Question

What would be the approximate 95% confidence interval for the mean number of ounces of catchup bottle in the sample

Answer 1

The 95% confidence interval for the mean number of ounces of ketchup bottle is (23.8, 24.2).

Explanation:

The complete question is:

Suppose that a restaurant chain claims that its bottles of ketchup contain 24 ounces of ketchup on average, with a standard deviation of 0.8 ounces.
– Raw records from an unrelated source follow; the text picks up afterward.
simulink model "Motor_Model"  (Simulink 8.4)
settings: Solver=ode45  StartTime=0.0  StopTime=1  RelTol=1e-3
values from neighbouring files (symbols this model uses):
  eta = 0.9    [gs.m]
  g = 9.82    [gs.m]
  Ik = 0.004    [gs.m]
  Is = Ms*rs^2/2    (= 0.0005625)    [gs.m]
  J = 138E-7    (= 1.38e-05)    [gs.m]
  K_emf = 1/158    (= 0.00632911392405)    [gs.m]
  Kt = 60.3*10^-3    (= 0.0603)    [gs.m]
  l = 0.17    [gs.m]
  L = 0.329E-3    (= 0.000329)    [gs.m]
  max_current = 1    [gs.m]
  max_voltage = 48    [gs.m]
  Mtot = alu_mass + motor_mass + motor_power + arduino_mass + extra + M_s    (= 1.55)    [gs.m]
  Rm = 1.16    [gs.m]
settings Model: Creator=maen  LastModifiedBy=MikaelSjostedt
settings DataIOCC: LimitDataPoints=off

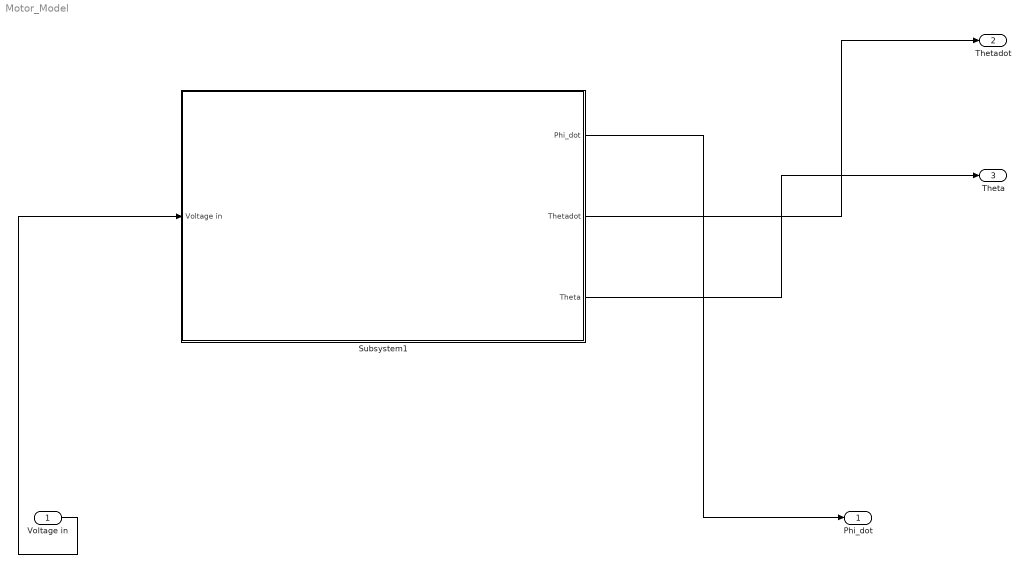
== system Motor_Model ==
  "Voltage in " : Inport
  Subsystem1 : Subsystem
  Phi_dot : Outport
  "Thetadot " : Outport  Port=2
  Theta : Outport  Port=3
  wires:
  "Voltage in "/1 -> Subsystem1/1("Voltage in ")
  Subsystem1/1(Phi_dot) -> Phi_dot/1
  Subsystem1/2("Thetadot ") -> "Thetadot "/1
  Subsystem1/3(Theta) -> Theta/1

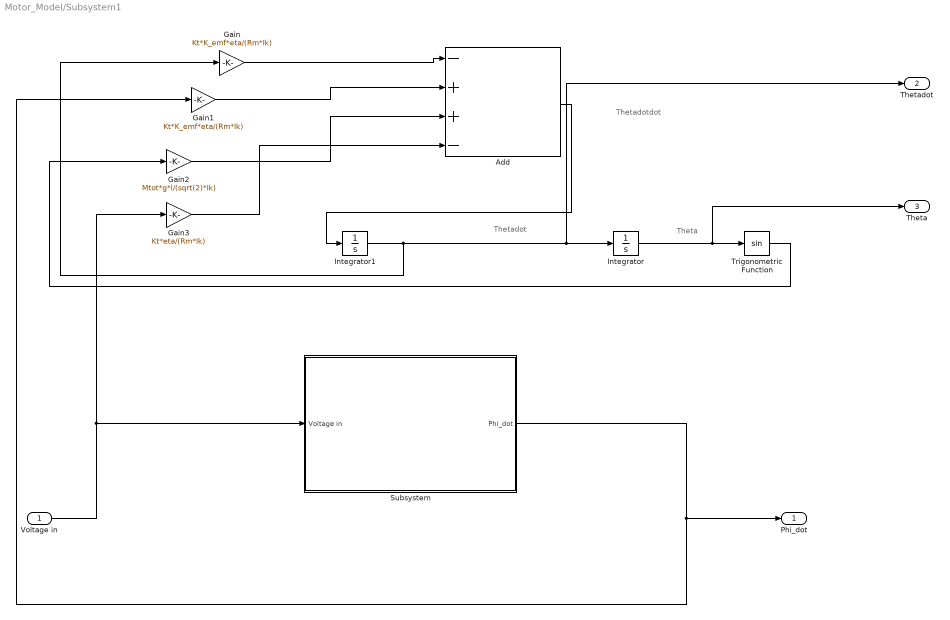
== system Motor_Model/Subsystem1 ==
  note: Theta
  note: Thetadot
  note: Thetadotdot
  "Voltage in " : Inport
  Add : Sum  Inputs=-++-
  Gain : Gain  Gain=Kt*K_emf*eta/(Rm*Ik)
  Gain1 : Gain  Gain=Kt*K_emf*eta/(Rm*Ik)
  Gain2 : Gain  Gain=Mtot*g*l/(sqrt(2)*Ik)
  Gain3 : Gain  Gain=Kt*eta/(Rm*Ik)
  Integrator : Integrator
  Integrator1 : Integrator
  Subsystem : Subsystem
  Trigonometric Function : Trigonometry
  Phi_dot : Outport
  "Thetadot " : Outport  Port=2
  Theta : Outport  Port=3
  wires:
  Trigonometric Function/1 -> Gain2/1
  Integrator/1 -> Theta/1, Trigonometric Function/1
  Integrator1/1 -> Gain/1, "Thetadot "/1, Integrator/1
  Add/1 -> Integrator1/1
  Gain3/1 -> Add/4
  Gain1/1 -> Add/2
  Gain/1 -> Add/1
  Gain2/1 -> Add/3
  Subsystem/1(Phi_dot) -> Phi_dot/1, Gain1/1
  "Voltage in "/1 -> Gain3/1, Subsystem/1("Voltage in ")

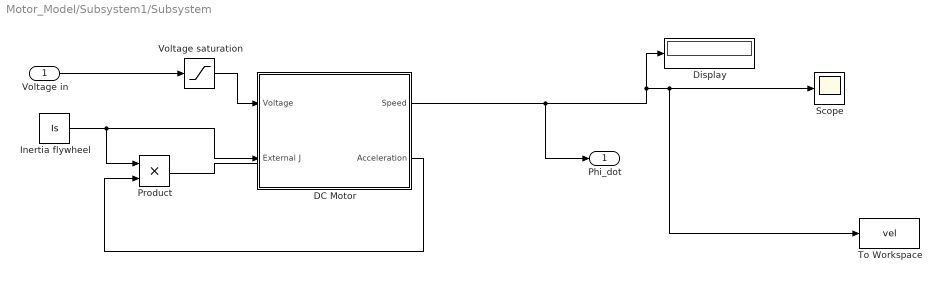
== system Motor_Model/Subsystem1/Subsystem ==
  "Voltage in " : Inport
  DC Motor : Subsystem
  Display : Display
  "Inertia flywheel " : Constant  Value=Is
  Product : Product
  Scope : Scope
  To Workspace : ToWorkspace  VariableName=vel  SampleTime=-1
  Voltage saturation : Saturate  UpperLimit=max_voltage  LowerLimit=-max_voltage
  Phi_dot : Outport
  wires:
  DC Motor/1(" Speed") -> Phi_dot/1, Display/1, To Workspace/1, Scope/1
  "Voltage in "/1 -> Voltage saturation/1
  Voltage saturation/1 -> DC Motor/1(Voltage)
  "Inertia flywheel "/1 -> Product/1, DC Motor/2(External J)
  DC Motor/2(Acceleration) -> Product/2
  Product/1 -> ?

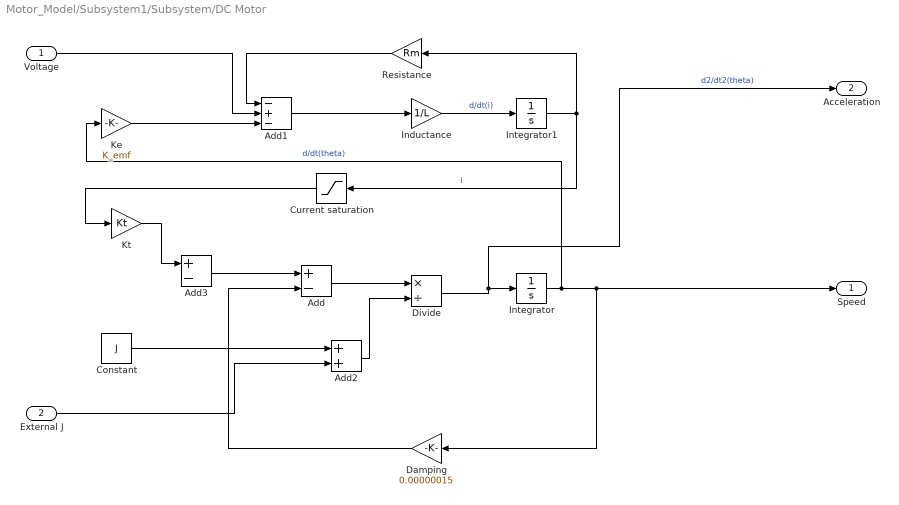
== system Motor_Model/Subsystem1/Subsystem/DC Motor ==
  Voltage : Inport
  External J : Inport  Port=2
  Add : Sum  Inputs=+-
  Add1 : Sum  Inputs=-+-
  Add2 : Sum
  Add3 : Sum  Inputs=+-
  Constant : Constant  Value=J
  Current saturation : Saturate  UpperLimit=max_current  LowerLimit=-max_current
  Damping : Gain  Gain=0.00000015
  Divide : Product  Inputs=*/
  Inductance : Gain  Gain=1/L
  Integrator : Integrator
  Integrator1 : Integrator
  Ke : Gain  Gain=K_emf
  Kt : Gain  Gain=Kt
  Resistance : Gain  Gain=Rm
  " Speed" : Outport
  Acceleration : Outport  Port=2
  wires:
  Integrator1/1 -> Current saturation/1, Resistance/1  "i"
  Inductance/1 -> Integrator1/1  "d/dt(i)"
  Divide/1 -> Acceleration/1, Integrator/1  "d2/dt2(theta)"
  Integrator/1 -> Ke/1, " Speed"/1, Damping/1  "d/dt(theta)"
  Add1/1 -> Inductance/1
  Add/1 -> Divide/1
  Damping/1 -> Add/2
  Kt/1 -> Add3/1
  Resistance/1 -> Add1/1
  Ke/1 -> Add1/3
  Voltage/1 -> Add1/2
  External J/1 -> Add2/2
  Constant/1 -> Add2/1
  Add2/1 -> Divide/2
  Current saturation/1 -> Kt/1
  Add3/1 -> Add/1

If you took a sample of 49 bottles of ketchup, what would be the approximate 95% confidence interval for the mean number of ounces of ketchup per bottle in the sample?

Solution:

The (1 - α)% confidence interval for the population mean is:

`CI=\bar x\pm z_(\alpha/2)\ (\sigma)/(√(n))`

The information provided is:

`\bar x=24\\\sigma=0.8\\n=49\\\text{Confidence Level}=95\%`

The critical value of z for 95% confidence level is:

`z_(\alpha/2)=z_(0.05/2)=z_(0.025)=1.96`

*Use a z-table.

Compute the 95% confidence interval for the mean number of ounces of ketchup per bottle as follows:

`CI=\bar x\pm z_(\alpha/2)\ (\sigma)/(√(n))`

`=24\pm1.96\cdot (0.80)/(√(49))\\\\=24\pm 0.224\\\\=(23.776, 24.224)\\\\\approx (23.8, 24.2)`

Thus, the 95% confidence interval for the mean number of ounces of ketchup bottle is (23.8, 24.2).